ME: It’s made very clear in your videos, with the most recent being “Death Investing.” Can you tell me a bit about how that got underway?
Nick: We decided that “Death Investing” was going to be the first single, right off the bat. It was the song that was probably the most similar to our previous two singles. We wanted to show people that just because we switched singers, that doesn’t mean we had to make any musical sacrifices necessarily. It’s also probably one of the heavier songs on the EP; we wanted like a dark tonality to it.
For the video, we were talking to the director, Alex Kouvatsos, and he had these vertical lights. We thought the whole scene would look cool with the black and red behind us. I think it sets the mood pretty well, and it ended up looking awesome.
ME: The song was produced by Shaun and Dylan Werle, and I hear you guys also have an EP coming out. Did you guys also work with them for an EP?
Nick: Yeah, they engineered all five songs on the EP, as well as our previous two singles. The final product is great, and we’re really happy with the work they do. It doesn’t sound like a local band, honestly. The production sounds larger than life, and those dudes are super talented at what they do.
ME: That’s what you want – that big, meaty sound.
Nick: It’s really cool, because you’re sitting there in the Protools session, and you see that there’s like a combination of 100 plus tracks of crazy sounds in the background. The thing is, the average listener wouldn’t know it was there, but if it wasn’t, it would probably sound a little empty.
ME: When you release a song, do you think of it as something that stands on its own, or as a piece of an eventually full product?
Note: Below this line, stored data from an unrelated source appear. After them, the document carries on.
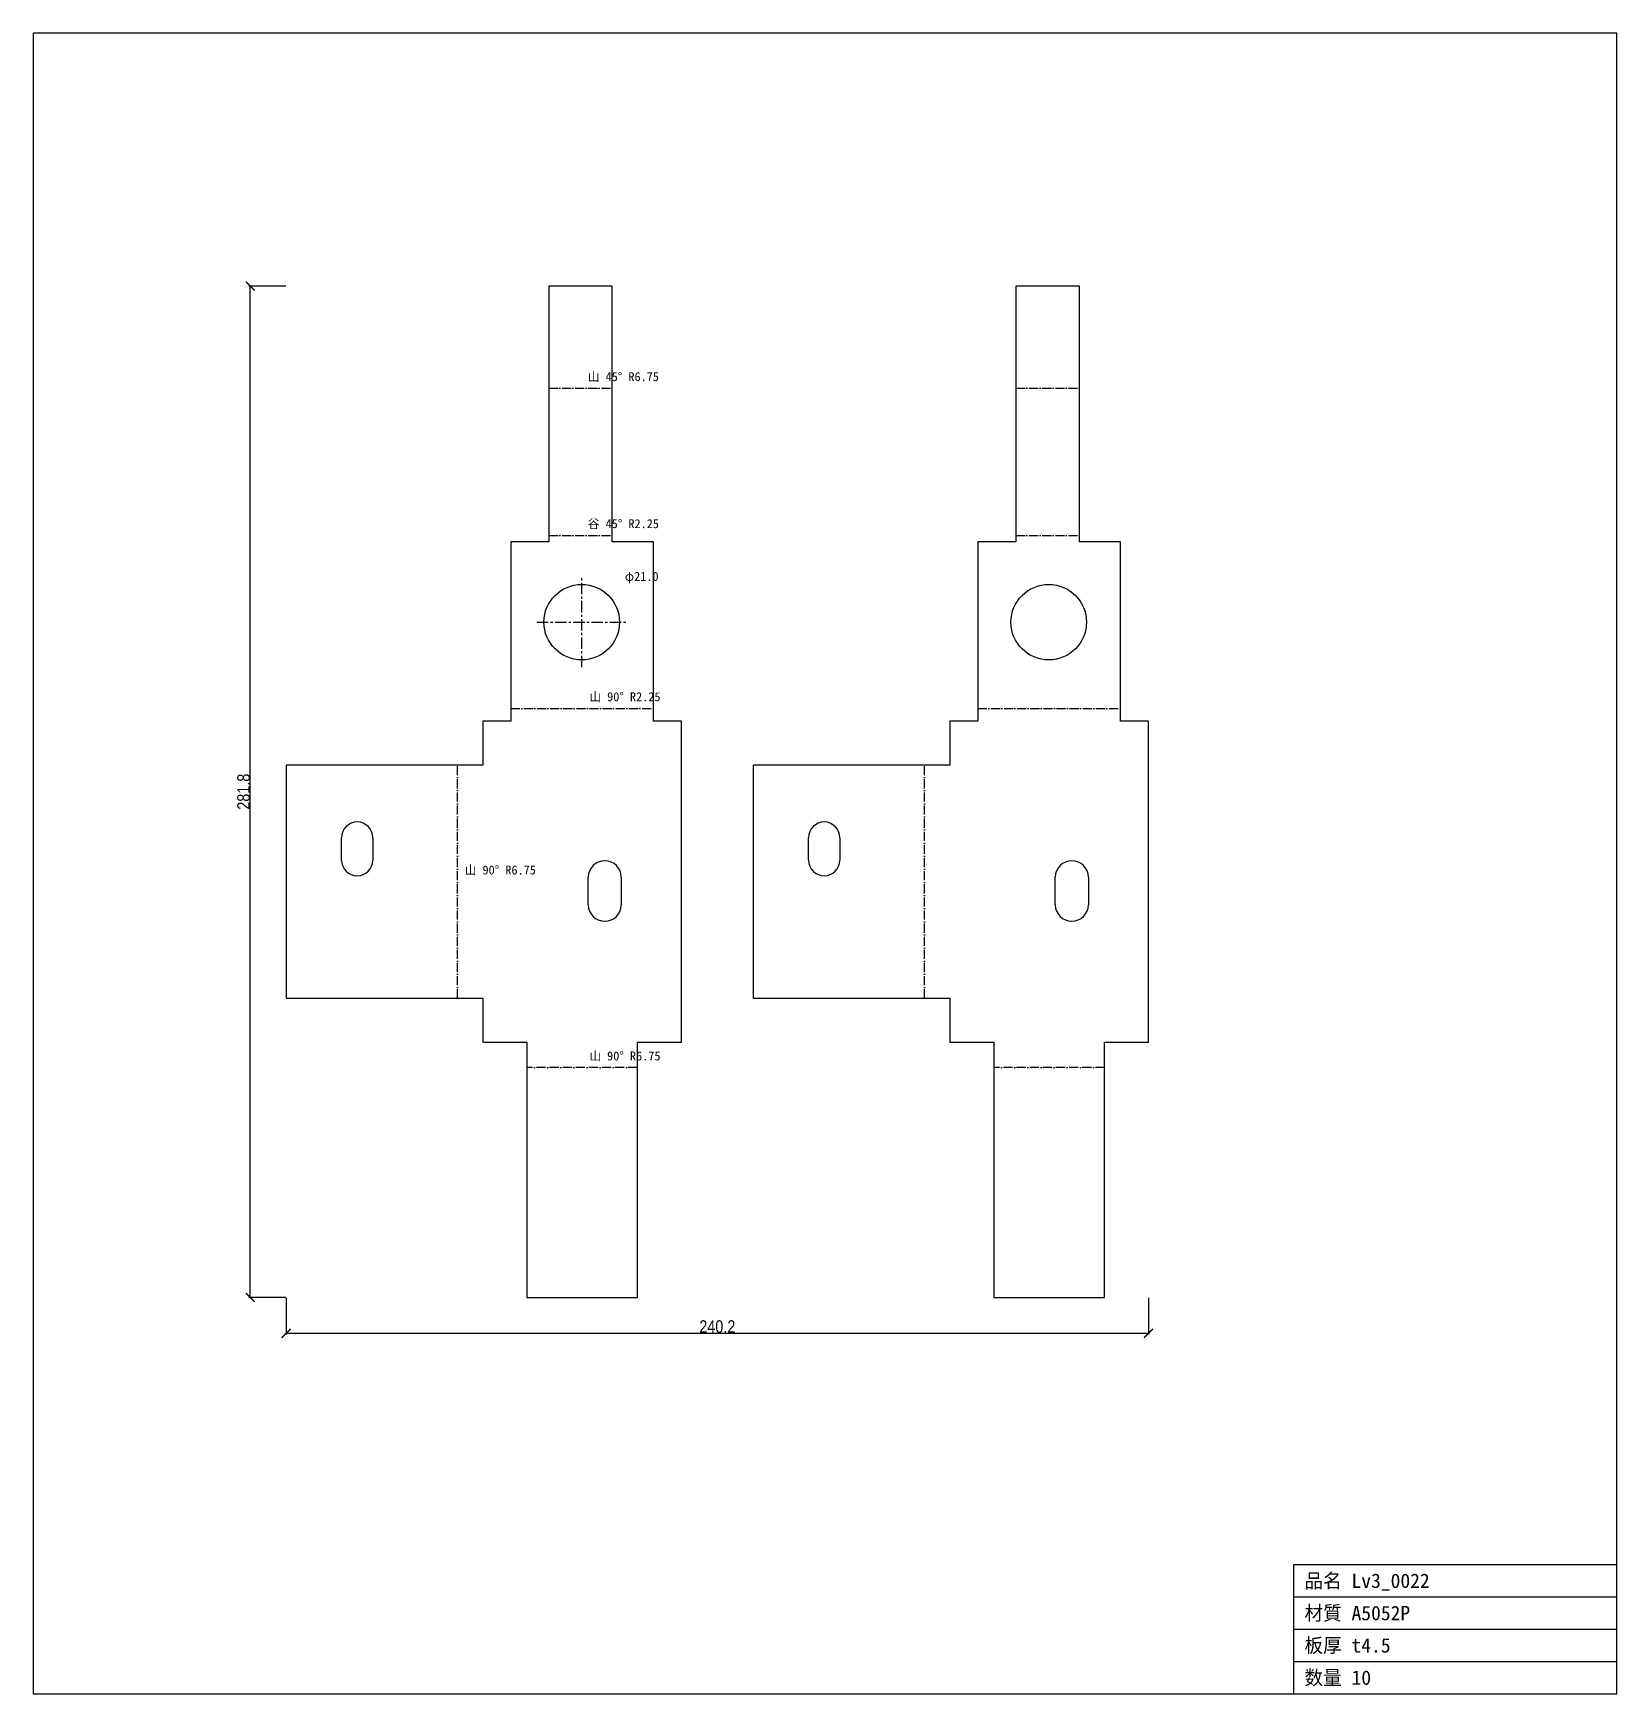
# Model space of a CAD drawing. Header units: millimetres. Extents: x -125 to 316, y -182 to 281.
import ezdxf

# ---------------------------------------------------------------- set-up
doc = ezdxf.new("R2010")
doc.units = ezdxf.units.MM
doc.linetypes.add('CENTER', pattern=[5.08, 3.175, -0.635, 0.635, -0.635])
doc.linetypes.add('DASHDOT', pattern=[3.556, 2.54, -0.508, 0, -0.508])
for name, color, linetype in [('BEND', 7, 'Continuous'), ('CENTER', 7, 'Continuous'), ('CUT', 7, 'Continuous'), ('DIM', 7, 'Continuous'), ('FRAME', 7, 'Continuous'), ('TEXT', 7, 'Continuous')]:
    doc.layers.add(name, color=color, linetype=linetype)
doc.styles.add('OpenSansCondensed-Light', font='OpenSansCondensed-Light.ttf')
doc.dimstyles.new('EZDXF', dxfattribs={"dimtxt": 0.25, "dimasz": 0.175, "dimexe": 0.375, "dimexo": 0.125, "dimgap": 0.1, "dimtad": 1, "dimlfac": 100, "dimzin": 12, "dimdsep": 46, "dimtxsty": 'OpenSansCondensed-Light', "dimblk": 'ARCHTICK', "dimcen": 2.5, "dimazin": 3, "dimtfac": 0.5, "dimtmove": 2, "dimatfit": 3})

# ---------------------------------------------------------------- blocks, each defined once
blk = doc.blocks.new('_ARCHTICK')
at = {"color": 0, "linetype": 'BYBLOCK', "const_width": 0.15}
blk.add_lwpolyline([(-0.5, -0.5), (0.5, 0.5)], dxfattribs=at)

msp = doc.modelspace()

# ---------------------------------------------------------------- linework, layer by layer
at = {"layer": 'BEND', "color": 4, "linetype": 'DASHDOT'}
for p, q in [((18.38, 182.23), (36.04, 182.23)), ((148.48, 182.23), (166.14, 182.23)), ((18.38, 141.26), (36.04, 141.26)), ((148.48, 141.26), (166.14, 141.26)), ((7.75, 93.03), (47.53, 93.03)), ((137.84, 93.03), (177.63, 93.03)), ((-7.07, 12.25), (-7.07, 77.25)), ((123.03, 12.25), (123.03, 77.25)), ((43.03, -7.07), (12.25, -7.07)), ((173.13, -7.07), (142.34, -7.07))]:
    msp.add_line(p, q, dxfattribs=at)
at = {"layer": 'CENTER', "color": 1, "linetype": 'CENTER'}
for p, q in [((27.51, 104.55), (27.51, 129.58)), ((15, 117.07), (40.03, 117.07))]:
    msp.add_line(p, q, dxfattribs=at)
at = {"layer": 'CUT'}
for p, q in [((36.04, 210.73), (18.38, 210.73)), ((18.38, 210.73), (18.38, 139.49)), ((36.04, 139.49), (36.04, 210.73)), ((166.14, 210.73), (148.48, 210.73)), ((148.48, 210.73), (148.48, 139.49)), ((166.14, 139.49), (166.14, 210.73)), ((18.38, 139.49), (7.75, 139.49)), ((7.75, 139.49), (7.75, 89.5)), ((47.53, 139.49), (36.04, 139.49)), ((47.53, 89.5), (47.53, 139.49)), ((148.48, 139.49), (137.84, 139.49)), ((137.84, 139.49), (137.84, 89.5)), ((177.63, 139.49), (166.14, 139.49)), ((177.63, 89.5), (177.63, 139.49)), ((7.75, 89.5), (0, 89.5)), ((0, 89.5), (0, 77.25)), ((55.28, 89.5), (47.53, 89.5)), ((55.28, 0), (55.28, 89.5)), ((137.84, 89.5), (130.09, 89.5)), ((130.09, 89.5), (130.09, 77.25)), ((185.38, 89.5), (177.63, 89.5)), ((185.38, 0), (185.38, 89.5)), ((0, 77.25), (-54.81, 77.25)), ((-54.81, 77.25), (-54.81, 12.25)), ((130.09, 77.25), (75.28, 77.25)), ((75.28, 77.25), (75.28, 12.25)), ((-39.4, 50.73), (-39.4, 57.01)), ((-30.67, 57.01), (-30.67, 50.73)), ((90.7, 50.73), (90.7, 57.01)), ((99.43, 57.01), (99.43, 50.73)), ((29.32, 38.34), (29.32, 45.96)), ((38.54, 45.96), (38.54, 38.34)), ((159.42, 38.34), (159.42, 45.96)), ((168.64, 45.96), (168.64, 38.34)), ((-54.81, 12.25), (0, 12.25)), ((0, 12.25), (0, 0)), ((75.28, 12.25), (130.09, 12.25)), ((130.09, 12.25), (130.09, 0)), ((0, 0), (12.25, 0)), ((12.25, 0), (12.25, -71.1)), ((43.03, -71.1), (43.03, 0)), ((43.03, 0), (55.28, 0)), ((130.09, 0), (142.34, 0)), ((142.34, 0), (142.34, -71.1)), ((173.13, -71.1), (173.13, 0)), ((173.13, 0), (185.38, 0)), ((12.25, -71.1), (43.03, -71.1)), ((142.34, -71.1), (173.13, -71.1))]:
    msp.add_line(p, q, dxfattribs=at)
for centre in [(27.51, 117.07), (157.6, 117.07)]:
    msp.add_circle(centre, 10.52, dxfattribs=at)
for centre, radius, start, end in [((-35.03, 57.01), 4.37, 0, 180), ((95.06, 57.01), 4.37, 0, 180), ((-35.03, 50.73), 4.37, 180, 0), ((33.93, 45.96), 4.61, 0, 180), ((95.06, 50.73), 4.37, 180, 0), ((164.03, 45.96), 4.61, 0, 180), ((33.93, 38.34), 4.61, 180, 0), ((164.03, 38.34), 4.61, 180, 0)]:
    msp.add_arc(centre, radius, start, end, dxfattribs=at)
at = {"layer": 'FRAME'}
for p, q in [((315.83, 281.19), (-125.27, 281.19)), ((-125.27, 281.19), (-125.27, -181.56)), ((315.83, -181.56), (315.83, 281.19)), ((225.83, -181.56), (225.83, -145.56)), ((225.83, -145.56), (315.83, -145.56)), ((225.83, -154.56), (315.83, -154.56)), ((225.83, -163.56), (315.83, -163.56)), ((225.83, -172.56), (315.83, -172.56)), ((-125.27, -181.56), (315.83, -181.56))]:
    msp.add_line(p, q, dxfattribs=at)

# ---------------------------------------------------------------- texts
at = {"layer": 'TEXT'}
for s, height, p in [('山 45° R6.75', 2.5, (29.21, 184.23)), ('谷 45° R2.25', 2.5, (29.21, 143.26)), ('φ21.0', 2.5, (39.53, 128.58)), ('山 90° R2.25', 2.5, (29.64, 95.03)), ('山 90° R6.75', 2.5, (-5.07, 46.75)), ('山 90° R6.75', 2.5, (29.64, -5.07)), ('品名 Lv3_0022', 4, (228.83, -152.06)), ('材質 A5052P', 4, (228.83, -161.06)), ('板厚 t4.5', 4, (228.83, -170.06)), ('数量 10', 4, (228.83, -179.06))]:
    msp.add_text(s, height=height, dxfattribs=at).set_placement(p)

# ---------------------------------------------------------------- dimensions: what is measured, and where the dimension line sits
at = {"layer": 'DIM'}
msp.add_linear_dim(base=(-64.81, -71.1), p1=(-54.81, -71.1), p2=(-54.81, 210.73), angle=90, dimstyle='EZDXF', override={"dimtxt": 3.5, "dimasz": 2.5, "dimdec": 1, "dimlfac": 1}, dxfattribs=at).render()
msp.add_linear_dim(base=(-54.81, -81.1), p1=(-54.81, -71.1), p2=(185.38, -71.1), dimstyle='EZDXF', override={"dimtxt": 3.5, "dimasz": 2.5, "dimdec": 1, "dimlfac": 1}, dxfattribs=at).render()

doc.saveas('drawing.dxf')

Nick: I’d say — and I’m sure the rest of the band would agree — that in the context of the EP, each song is different, but they all still sound like us. I’m proud of the fact that these songs have their own personalities. It’s hard to describe, when we know what they sound like, but other people don’t. You can expect the same kinds of elements linking together – big guitars, catchy choruses, solos, things like that, but at the same time, every song sounds different, in a good way.
ME: After making the EP, and just in general, how do you feel you’ve grown as a band?
Nick: Honestly, from a musical standpoint, we’ve grown a lot. We’ve written much better songs just from having done it for years, working together, recognizing everyone’s strengths, and playing off one another. One of the biggest ways we’ve grown as a band is through the business aspect, which isn’t the most fun part, but is definitely just as important as anything else. From years of trial and error and learning what not to do, I feel like we’ve improved so much. It’s not the most encouraging way to learn things, but it’s efficient, in my opinion. Learning what not to do holds equal importance as learning what to do.
ME: You do the things you’re already good at, while focusing on the stuff you’re not great at, and eventually, the latter becomes something in the back of your mind.
Nick: Exactly, yeah. And to this day, when we have to get something done, it’s interesting sometimes to think back, knowing we would have handled it in a completely different way. Thankfully, we’re more knowledgeable now and have a much better handle on things.
ME: Lastly, anything you’d like to say to your fans?
Nick: Thank you so much for supporting us, whether it’s by buying one of our T-shirts, or listening to a single stream, everything helps, especially for an up-and-coming band, and nothing goes unappreciated. We’re playing shows and there’s people who know us. It feels surreal, it’s so cool, and I’m just so thankful for everyone who listens to us.